**INSTRUCTIONS TO FOLLOW:**
Copy out each line of the entries where the word "column" is present.

((

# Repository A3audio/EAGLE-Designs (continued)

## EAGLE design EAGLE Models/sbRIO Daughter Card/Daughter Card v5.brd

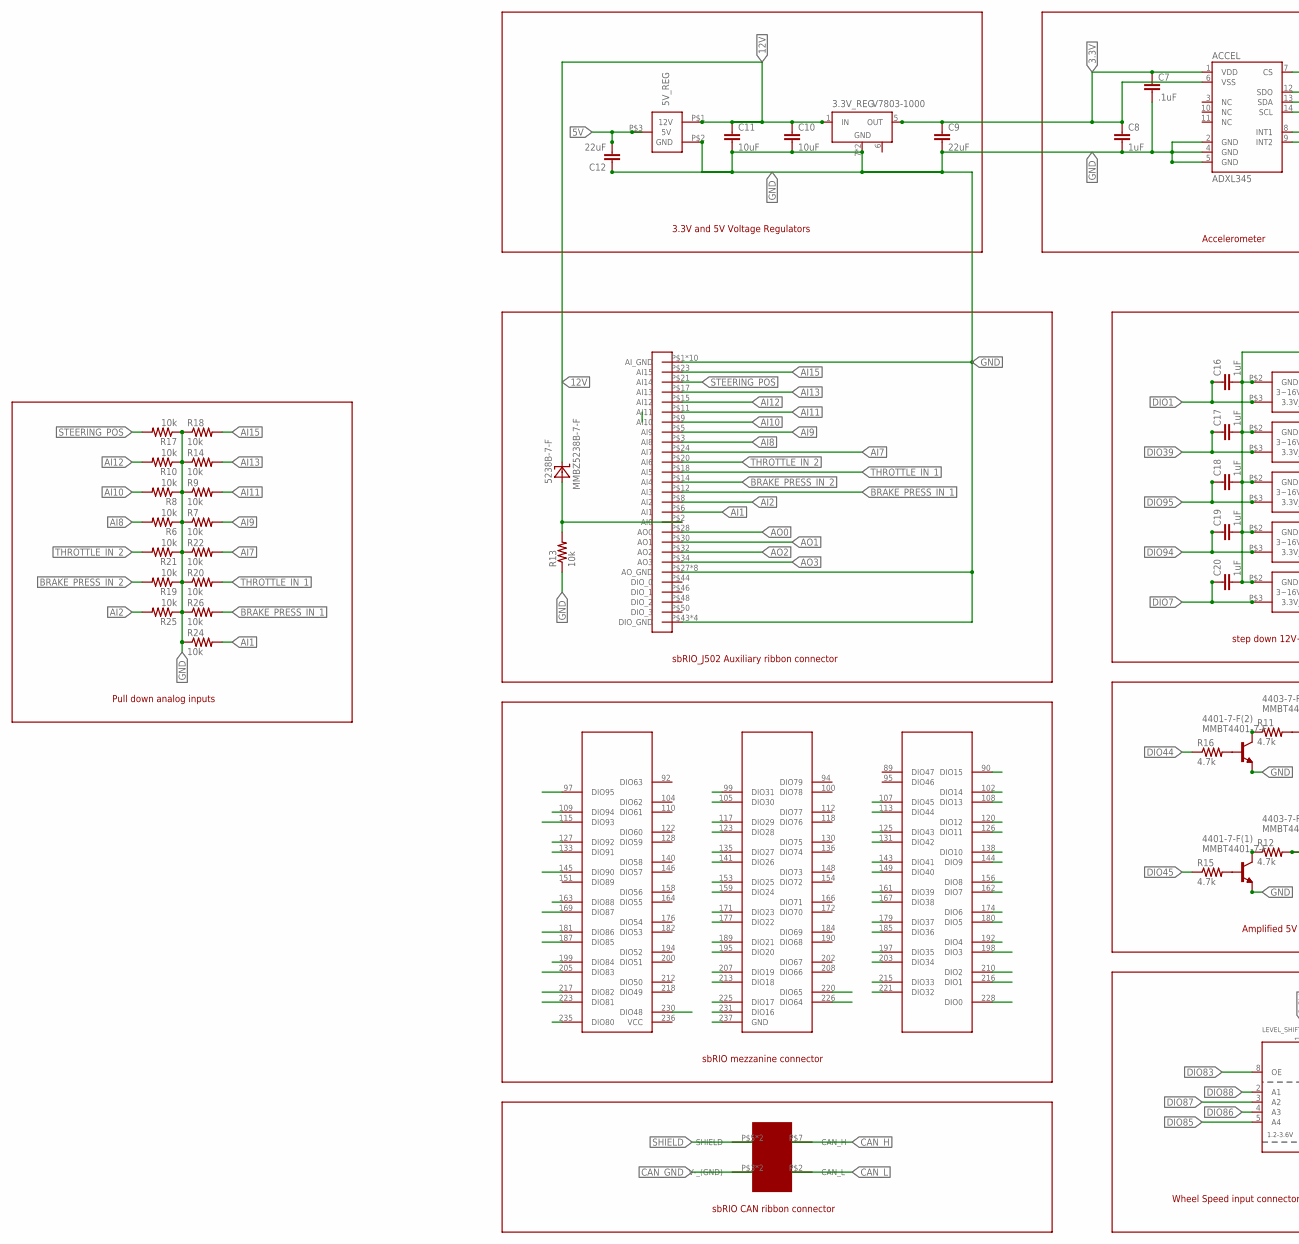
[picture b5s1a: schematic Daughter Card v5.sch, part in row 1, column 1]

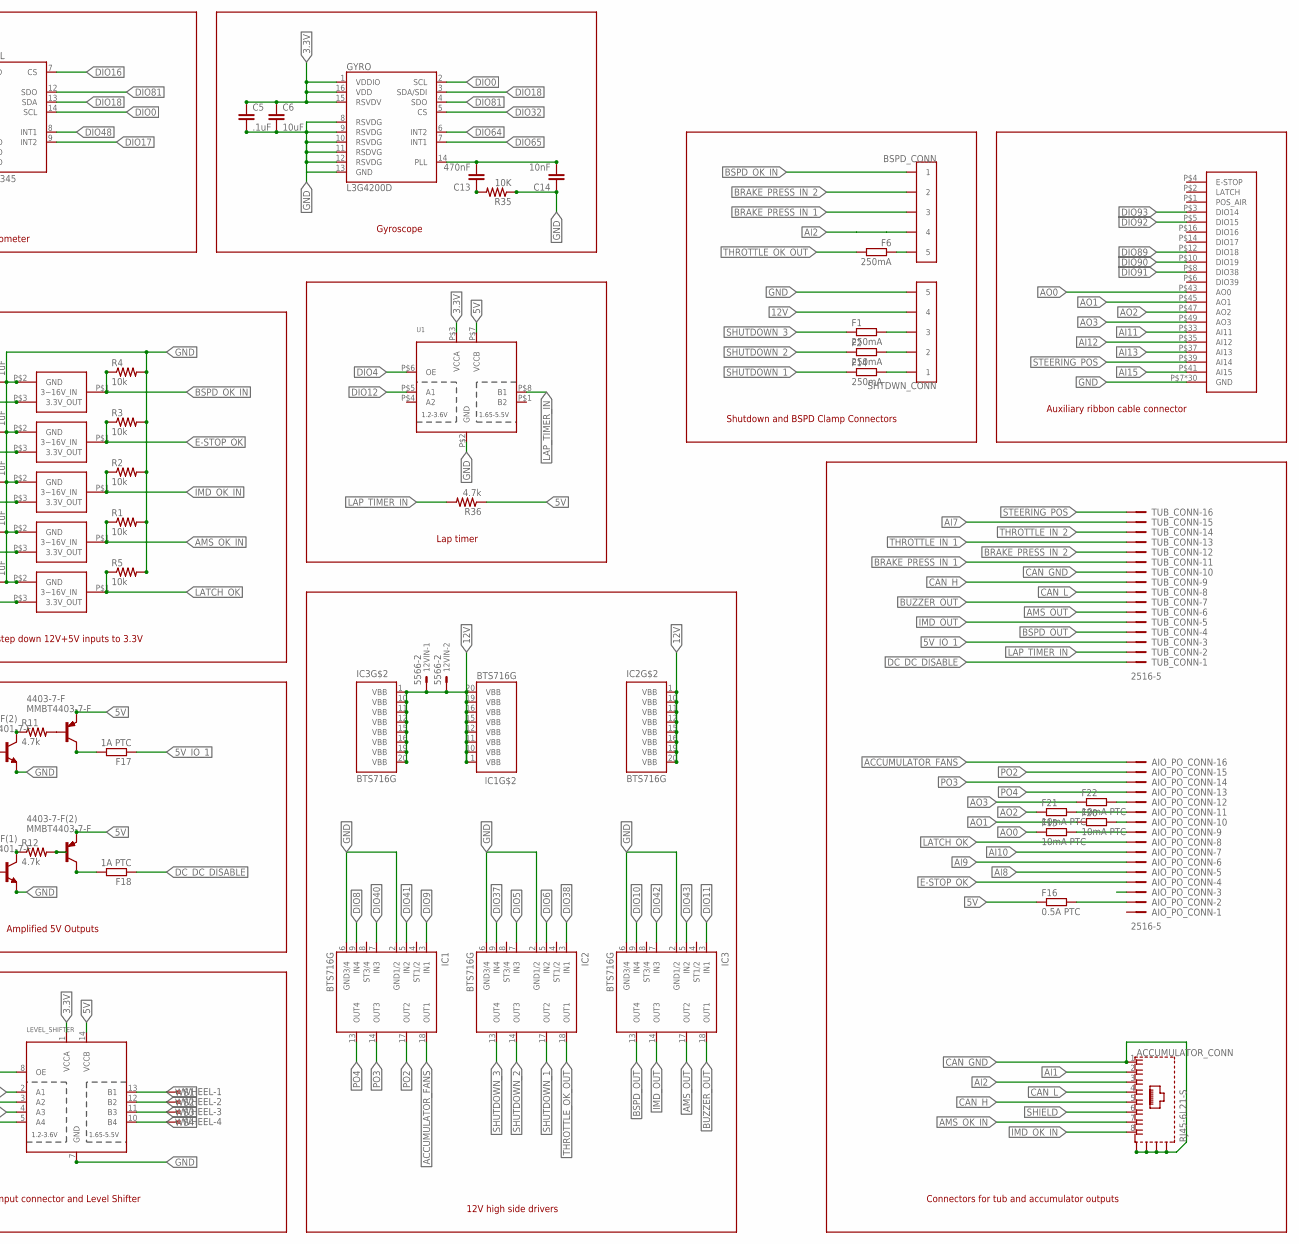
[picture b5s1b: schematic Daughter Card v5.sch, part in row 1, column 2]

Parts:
3.3V_REG: V7803-1000; V78XX-1000
5V_REG: V78XX-1500; V78XX-1500R
12VIN: 5566-2
4401-7-F(1), 4401-7-F(2): MMBT4401-7-F; SOT-23-3
4403-7-F, 4403-7-F(2): MMBT4403-7-F; SOT-23-3
5225-3.3M5-TR(5), 5525-3.3YM5-TR(1), 5525-3.3YM5-TR(2), 5525-3.3YM5-TR(3), 5525-3.3YM5-TR(4): MIC5225-3.3YM5-TR; SOT-23-3
5238B-7-F: MMBZ5238B-7-F; SOT-23-3
ACCEL: ADXL345; LGA14
ACCUMULATOR_CONN: RJ45-6L21-S; RJ45-SHIELD1
AIO_PO_CONN: 2516-5; PAK100/2500-5-16
BSPD_CONN: CONN_5; CONNECTOR_5
C5, C7: .1uF; 0603-CAP
C6, C10, C11: 10uF; 0603-CAP
C8, C16, C17, C18, C19, C20: 1uF; 0603-CAP
C9, C12: 22uF; 0603-CAP
C13: 470nF; 0603-CAP
C14: 10nF; 0603-CAP
F1, F2, F6, F14: 250mA; R0603
F15, F20, F21, F22: 10mA PTC; R0402
F16: 0.5A PTC; R0603
F17, F18: 1A PTC; R0603
GYRO: L3G4200D; LGA16-4X4
IC1, IC2, IC3: BTS716G; PG-DSO-20
LEVEL_SHIFTER: TXB0104PWR; TSSOP14
R1, R2, R3, R4, R5, R6, R7, R8, R9, R10, R13, R14, R17, R18, R19, R20, R21, R22, R24, R25, R26: 10k; R0402
R11, R12, R15, R16, R36: 4.7k; R0402
R35: 10K; 0603-RES
SBRIO_ANALOG: SBRIO_MIO; SBRIO_J502_J503
SBRIO_AUX: SBRIO_AUX; SBRIO_J502_J503
SBRIO_CAN: SBRIO_W500; SBRIO_W
SBRIO_MEZZANINE: SBRIO_RMC; SEAM-40-XX.X-XX-06-X-A
SHTDWN_CONN: CONN_5; CONNECTOR_5
TUB_CONN: 2516-5; PAK100/2500-5-16
U1: TXS0102; VFSOP-8
WHEEL: FTOP-4

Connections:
3.3V: 3.3V_REG.5 (OUT), ACCEL.1 (VDD), ACCEL.6 (VSS), C5.1, C6.1, C7.1, C8.1, C9.1, GYRO.1 (VDDIO), GYRO.15 (RSVDV), GYRO.16 (VDD), LEVEL_SHIFTER.1 (VCCA), U1.P$3 (VCCA)
5V: 5V_REG.P$3 (5V), 4403-7-F.P$3 (E), 4403-7-F(2).P$3 (E), C12.2, F16.1, LEVEL_SHIFTER.14 (VCCB), R36.1, U1.P$7 (VCCB)
5V_FUSED: AIO_PO_CONN.2, F16.2
5V_IO_1: F17.1, TUB_CONN.3
12V: 3.3V_REG.1 (IN), 5V_REG.P$1 (12V), 12VIN.1, 12VIN.2, 5238B-7-F.P$1 (C), C10.1, C11.1, IC1.1 (VBB), IC1.10 (VBB), IC1.11 (VBB), IC1.12 (VBB), IC1.15 (VBB), IC1.16 (VBB), IC1.19 (VBB), IC1.20 (VBB), IC2.1 (VBB), IC2.10 (VBB), IC2.11 (VBB), IC2.12 (VBB), IC2.15 (VBB), IC2.16 (VBB), IC2.19 (VBB), IC2.20 (VBB), IC3.1 (VBB), IC3.10 (VBB), IC3.11 (VBB), IC3.12 (VBB), IC3.15 (VBB), IC3.16 (VBB), IC3.19 (VBB), IC3.20 (VBB), SHTDWN_CONN.7 (4), SHTDWN_CONN.8 (4)
ACCUMULATOR_FANS: AIO_PO_CONN.16, IC1.18 (OUT1)
AI1: ACCUMULATOR_CONN.2, R24.2, SBRIO_ANALOG.P$6 (AI1)
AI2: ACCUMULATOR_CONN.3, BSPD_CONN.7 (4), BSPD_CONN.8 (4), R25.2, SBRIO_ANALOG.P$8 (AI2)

))

**OUTPUT FOR THIS TASK:**
[picture b5s1a: schematic Daughter Card v5.sch, part in row 1, column 1]
[picture b5s1b: schematic Daughter Card v5.sch, part in row 1, column 2]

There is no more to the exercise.